On 1st February 2012, the Government of Mauritius and the Mauritian nation will be commemorating the 177th anniversary of the abolition of slavery in Mauritius. It is a day when the terrible plight of the Mauritian slaves, their struggle for freedom and the importance of freedom in the shaping of Mauritian history is remembered and honored. Until recently, slavery and acts of slave resistance such as slave conspiracies, slave revolts, maroonage (or the practice of slaves running away from their masters) and maroon attacks during the Dutch East India Company’s administration of Mauritius have been largely unexplored themes in modern Mauritian slave historiography.
The First Freedom Fighters on Mauritian Soil
   The climax of slave resistance in T’Eylandt Mauritius or Dutch Mauritius took place on the morning of 18th June, 1695, when Aaron of Amboina, Antoni alias Bamboes, Anna of Bengal, Paul, a recently arrived slave from Batavia, and Esperance, a female slave belonging to the free burgher, Class van Wieringen, set fire to Fort Fredrick Hendrik, after weeks of minute preparation.
   Everything went up in smoke and Governor Deodati barely saved himself in his shirt. Soon after, in order to underline the seriousness of this situation, he wrote to the Dutch governor of the Cape Colony (located formerly in the present-day Western Province of South Africa) that: “These were matters of very dangerous consequences, tending to the utter ruin of this island.”
   In their confessions, after their capture, the slave rebels clearly acknowledged that they had planned several weeks prior to destroy the fort and that their chief objective was to burn the governor and all the Company’s employees and servants. Immediately after, they planned to put the houses of the free burghers to the torch in order to become the masters of the island and bring an end to Dutch rule.
   For Deodati, the VOC employees, and the free burghers, this was a nightmare scenario come true. But, at the same time, it was evident that “these first freedom fighters on Mauritian soil” had sounded the clarion call of liberty. The slave rebels were sentenced to death and Governor Deodati ordered his men to carry out the execution order without waiting for instruction from Governor Simon van der Stel from the Cape Colony his superior colonial officer (It is interesting to note that Simon Van der Stel was born in Mauritius in 1640 and he was the son of Adrian Van der Stel).  
   More than seventy years ago, Herbert Aptheker, an American slave historian, explained that:  “A Ruling class, often subjected to periods of panic arising from doubt of its ability to maintain its power, may be expected to develop very complex and thorough systems of control”.
   As a result, during periods of social crisis, a ruling class in a slave society developed “numerous psychological, social, juridicial, economic, and militaristic methods of suppression and oppression”.

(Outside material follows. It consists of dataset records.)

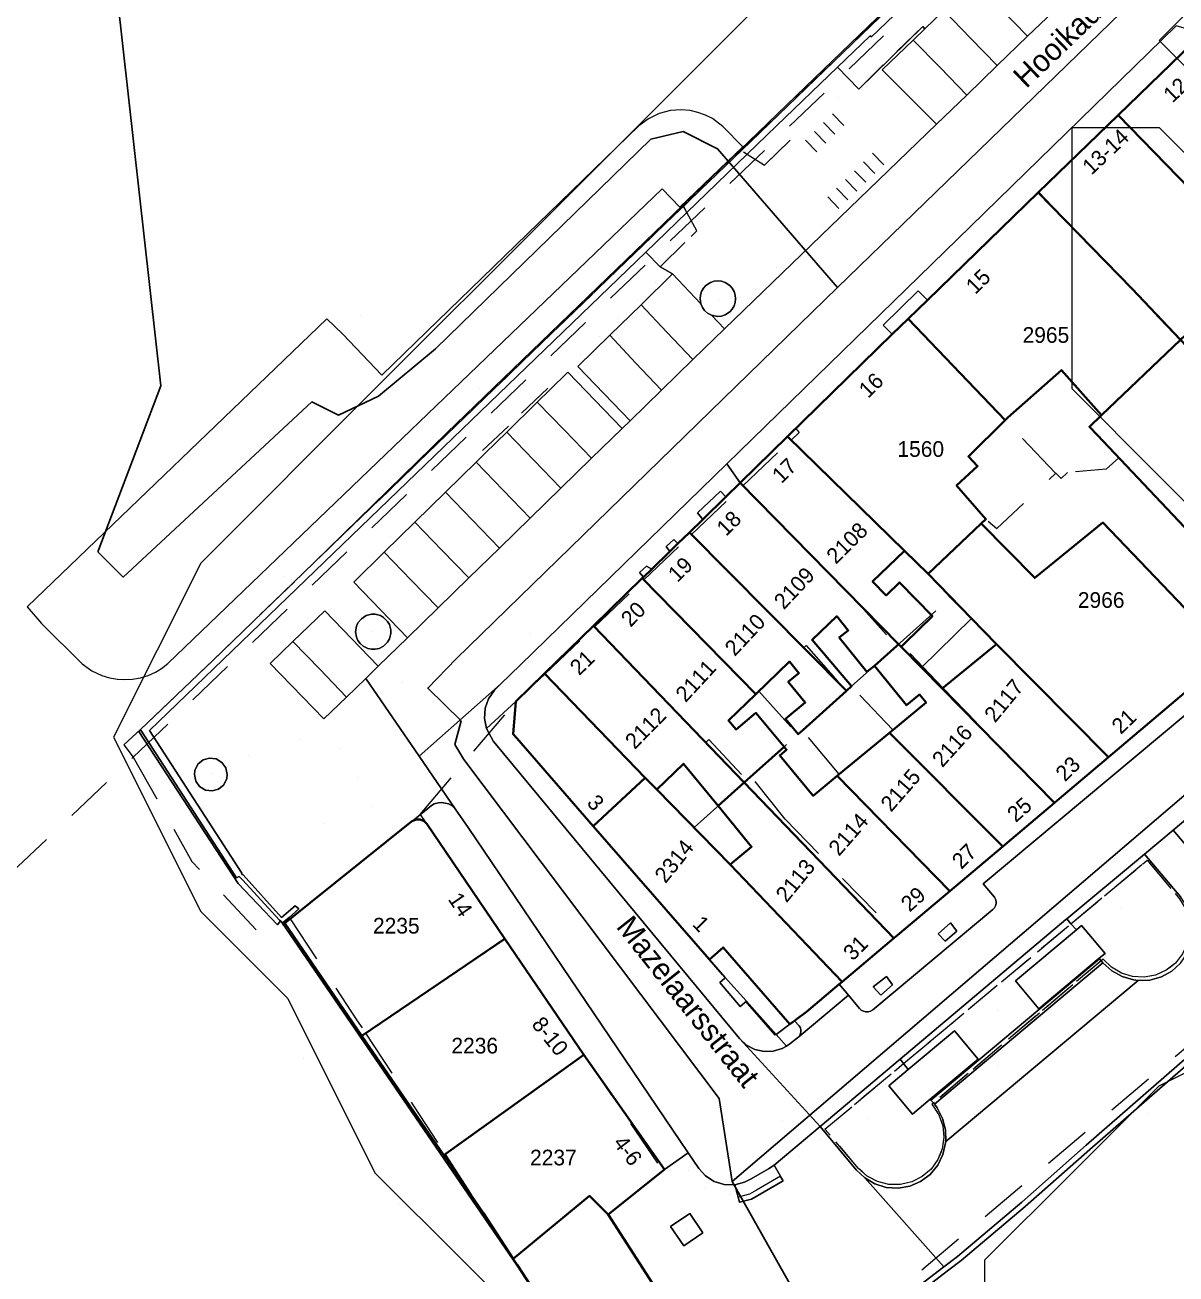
# Model space of a CAD drawing. Header units: metres. Extents: x 0 to 105485, y 0 to 425721.
# Drawn here: x 104727.4 to 104793.5, y 425351.7 to 425423.4 of the extents above; entities that cross this region are included whole.
import ezdxf
from ezdxf.enums import TextEntityAlignment as Align

# ---------------------------------------------------------------- set-up
doc = ezdxf.new("R2010")
doc.units = ezdxf.units.M
doc.header["$MEASUREMENT"] = 0
doc.linetypes.add('IE-TERREINAFSCHEIDING_KUNSTMATIG-SO', pattern=[11, 4, -1, 4, -2])
doc.linetypes.add('KG-PERCEEL-SO', pattern=[19, 5.5, -4, 5.5, -4])
for name, color, linetype, lineweight in [('B-XX-GK-KADEMUUR-G', 150, 'Continuous', 18), ('B-XX-GR-BEPLANTING_CULTUUR_BODEMBEDEKKER-G', 90, 'Continuous', 18), ('B-XX-GR-BEPLANTING_CULTUUR_ROOS-G', 90, 'Continuous', 18), ('B-XX-GR-BEPLANTING_CULTUUR_VASTE PLANTENVAK-G', 90, 'Continuous', 18), ('B-XX-GR-BOOM-G', 90, 'Continuous', 13), ('B-XX-GR-STRUIK-G', 90, 'Continuous', 13), ('B-XX-IE-AFVAL APART PLAATS-G', 7, 'Continuous', 18), ('B-XX-IE-MEUBILAIR-G', 7, 'Continuous', 18), ('B-XX-IE-MEUBILAIR_WATERWEGMEUBILAIR-G', 150, 'Continuous', 18), ('B-XX-IE-MEUBILAIR_WEGMEUBILAIR_AFVALBAK-G', 7, 'Continuous', 18), ('B-XX-IE-TERREINAFSCHEIDING_KUNSTMATIG_HEKWERK-G', 20, 'IE-TERREINAFSCHEIDING_KUNSTMATIG-SO', 18), ('B-XX-KG-GRENS_PERCEEL-G', 150, 'KG-PERCEEL-SO', 18), ('B-XX-KG-GRENS_PERCEEL-T', 150, 'KG-PERCEEL-SO', 18), ('B-XX-KW-KUNSTWERK_STEIGER-G', 170, 'Continuous', 18), ('B-XX-OG-BEBOUWING-G', 7, 'Continuous', 35), ('B-XX-OG-BEBOUWING_HUISNUMMER-T', 7, 'Continuous', 18), ('B-XX-OG-BEBOUWING_OVERBOUWING-G', 7, 'Continuous', 18), ('B-XX-OG-BEBOUWING_STRAATNAAM-T', 7, 'Continuous', 18), ('B-XX-OG-BEBOUWING_TRAP-G', 7, 'Continuous', 18), ('B-XX-OG-GRENS-G', 7, 'Continuous', 18), ('B-XX-OG-TERREIN_ERF-G', 7, 'Continuous', 18), ('B-XX-OG-WATER-G', 130, 'Continuous', 18), ('B-XX-OG-WATER_HAVEN-G', 170, 'Continuous', 18), ('B-XX-VH-ONVERHARD_ZAND-G', 210, 'Continuous', 18), ('B-XX-VH-OPENVERHARDING-G', 90, 'Continuous', 18), ('B-XX-VH-OPENVERHARDING_STRAATBAKSTEEN-G', 90, 'Continuous', 18), ('B-XX-VH-OPENVERHARDING_TEGEL-G', 90, 'Continuous', 18), ('B-XX-VW-MARKERING-G', 7, 'Continuous', 18)]:
    doc.layers.add(name, color=color, linetype=linetype, lineweight=lineweight)
doc.layers.add('GIS-WEGVAKKEN', color=2, linetype='Continuous')

msp = doc.modelspace()

# ---------------------------------------------------------------- linework, layer by layer
at = {"layer": 'B-XX-GK-KADEMUUR-G', "ltscale": 0.5}
for points in [[(104823.496, 425469.197), (104823.415, 425469.276), (104814.592, 425460.755), (104792.053, 425438.981), (104772.746, 425420.352), (104751.625, 425399.972), (104743.999, 425392.515), (104765.203, 425412.987), (104768.547, 425416.212), (104823.494, 425469.195)], [(104772.554, 425350.648), (104772.604, 425350.432), (104772.646, 425350.252), (104772.715, 425350.264), (104774.62, 425347.601), (104776.277, 425348.729), (104780.347, 425351.865), (104781.134, 425352.471), (104784.809, 425355.57), (104788.521, 425358.843), (104795.664, 425365.062), (104819.687, 425386.369), (104819.486, 425386.618), (104795.453, 425365.302), (104788.31, 425359.084), (104784.619, 425355.813), (104780.936, 425352.705), (104780.144, 425352.095), (104776.098, 425348.978), (104776.009, 425349.074), (104775.883, 425348.987), (104774.7, 425348.165), (104772.888, 425350.742), (104772.548, 425350.674)], [(104742.078, 425371.959), (104742.029, 425372.012), (104739.898, 425374.318), (104739.712, 425374.519), (104739.559, 425374.425), (104734.06, 425382.918), (104733.956, 425382.825), (104739.648, 425374.109), (104741.9, 425371.731)], [(104746.747, 425365.371), (104742.324, 425371.829), (104742.265, 425371.916), (104742.18, 425371.852), (104755.643, 425352.204), (104755.654, 425352.214), (104755.432, 425352.556), (104753.723, 425355.183), (104751.446, 425358.509)]]:
    msp.add_lwpolyline(points, close=True, dxfattribs=at)
msp.add_lwpolyline([(104823.494, 425469.195), (104768.547, 425416.212), (104765.203, 425412.987), (104743.999, 425392.515), (104738.178, 425386.895), (104734.038, 425382.952), (104734.06, 425382.918), (104739.559, 425374.425), (104739.712, 425374.519), (104739.898, 425374.318), (104742.029, 425372.012), (104742.078, 425371.959), (104742.178, 425371.85), (104742.18, 425371.852), (104742.265, 425371.916), (104742.574, 425372.15), (104743.123, 425372.649), (104742.921, 425372.832), (104742.134, 425372.162), (104739.941, 425374.612), (104739.859, 425374.621), (104739.859, 425374.696), (104734.562, 425382.89), (104763.04, 425410.357), (104765.395, 425412.629), (104768.862, 425415.973), (104770.544, 425417.596), (104774.049, 425420.977), (104775.914, 425422.775), (104775.993, 425422.702), (104778.601, 425425.223)], dxfattribs=at)
at = {"layer": 'B-XX-GR-BEPLANTING_CULTUUR_BODEMBEDEKKER-G', "ltscale": 0.5}
for points in [[(104800.518, 425377.022), (104800.338, 425377.69), (104800.009, 425378.3), (104799.904, 425378.441), (104799.711, 425378.671), (104799.668, 425378.724), (104798.8, 425378.001), (104797.436, 425379.638), (104798.327, 425380.38), (104798.04, 425380.735), (104797.842, 425380.98), (104793.299, 425377.175), (104795.41, 425374.689), (104795.906, 425374.222), (104796.498, 425373.883), (104797.151, 425373.691), (104797.832, 425373.656), (104798.502, 425373.78), (104799.124, 425374.057), (104799.666, 425374.471), (104800.096, 425374.999), (104800.392, 425375.613), (104800.542, 425376.33)], [(104780.527, 425371.846), (104779.817, 425371.215), (104780.219, 425370.801), (104780.894, 425371.374)], [(104789.064, 425369.819), (104789.397, 425370.098), (104788.053, 425371.702), (104787.756, 425371.454), (104784.252, 425368.517), (104785.596, 425366.913)], [(104776.852, 425368.764), (104776.097, 425368.174), (104776.529, 425367.695), (104777.197, 425368.298)], [(104778.095, 425363.428), (104776.985, 425362.501), (104778.342, 425360.876), (104779.361, 425361.728), (104782.123, 425364.034), (104780.766, 425365.659)], [(104780.244, 425359.971), (104780.076, 425360.627), (104779.76, 425361.226), (104779.601, 425361.435), (104779.408, 425361.665), (104779.361, 425361.728), (104778.342, 425360.876), (104776.985, 425362.501), (104778.095, 425363.428), (104777.835, 425363.777), (104777.643, 425364.032), (104773.053, 425360.164), (104775.119, 425357.68), (104775.608, 425357.207), (104776.193, 425356.862), (104776.843, 425356.662), (104777.521, 425356.619), (104778.191, 425356.735), (104778.815, 425357.004), (104779.359, 425357.411), (104779.794, 425357.933), (104780.095, 425358.543), (104780.253, 425359.294)]]:
    msp.add_lwpolyline(points, close=True, dxfattribs=at)
at = {"layer": 'B-XX-GR-BEPLANTING_CULTUUR_ROOS-G', "ltscale": 0.5}
msp.add_lwpolyline([(104787.756, 425371.454), (104787.438, 425371.796), (104787.2, 425372.086), (104787.153, 425372.047), (104777.643, 425364.032), (104777.835, 425363.777), (104778.095, 425363.428), (104780.766, 425365.659), (104782.123, 425364.034), (104779.361, 425361.728), (104779.408, 425361.665), (104789.083, 425369.791), (104789.064, 425369.819), (104785.596, 425366.913), (104784.252, 425368.517)], close=True, dxfattribs=at)
at = {"layer": 'B-XX-GR-BEPLANTING_CULTUUR_VASTE PLANTENVAK-G', "ltscale": 0.5}
msp.add_lwpolyline([(104794.448, 425371.404), (104794.378, 425372.082), (104794.153, 425372.725), (104793.754, 425373.333), (104791.657, 425375.794), (104787.2, 425372.086), (104787.438, 425371.796), (104787.756, 425371.454), (104788.053, 425371.702), (104789.397, 425370.098), (104789.064, 425369.819), (104789.083, 425369.791), (104789.276, 425369.561), (104789.777, 425369.098), (104790.371, 425368.764), (104791.027, 425368.577), (104791.289, 425368.547), (104791.97, 425368.568), (104792.627, 425368.747), (104793.224, 425369.074), (104793.73, 425369.531), (104794.115, 425370.093), (104794.359, 425370.729)], close=True, dxfattribs=at)
at = {"layer": 'B-XX-GR-BOOM-G', "color": 0, "true_color": 0x604a38}
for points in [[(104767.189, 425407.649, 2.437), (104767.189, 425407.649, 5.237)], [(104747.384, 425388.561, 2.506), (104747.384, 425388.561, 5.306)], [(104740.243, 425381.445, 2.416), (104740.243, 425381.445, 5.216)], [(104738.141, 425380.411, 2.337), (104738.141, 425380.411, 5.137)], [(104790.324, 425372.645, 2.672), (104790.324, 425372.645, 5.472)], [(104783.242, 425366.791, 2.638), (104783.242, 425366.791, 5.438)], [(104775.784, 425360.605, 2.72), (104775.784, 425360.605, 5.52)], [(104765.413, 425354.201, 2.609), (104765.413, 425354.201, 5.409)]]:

   Aptheker’s observations can also be applied to Dutch Mauritius during the 1690s. After all, during the weeks and months immediately following the burning of the Dutch fort, there was a brief period of crisis and panic on the island and in the eyes of the colonial officials and colonists, “desperate times called for desparate measures”. Therefore, the punishment which the Dutch inflicted on these rebel slaves was of the utmost barbarity. In the process, the objective was for it to serve as a powerful example in order to prevent the other slaves and maroons from attacking the other Dutch settlements as well as openly challenging Dutch colonial authority in Mauritius.
   However, even the most inhumane punishment of the VOC officials could not deter the comrades of the first Mauritian freedom fighters, who were still hiding in the woods, from continuing their struggle. After 1695, Fort Frederick Hendryk was rebuilt in stone like the Castle Good Hope in Cape Town. As a result, the slave rebels and maroons were able to influence the architecture of the most important building in T’Eylandt Mauritius. During the late 1690s and early 1700s, there a few other maroon attacks and slave conspiracies which was one of the major reasons which convinced the Dutch to permanently abandon Mauritius.
   It does not take much to realize that on each of 1st February, the struggle for freedom of the slaves and maroons during the Dutch period between 1638 and 1710 should be remembered and honored. This is the most meaningful way that we, the citizens of the Republic of Mauritius, can commemorate the making of our unique and rich history as a people.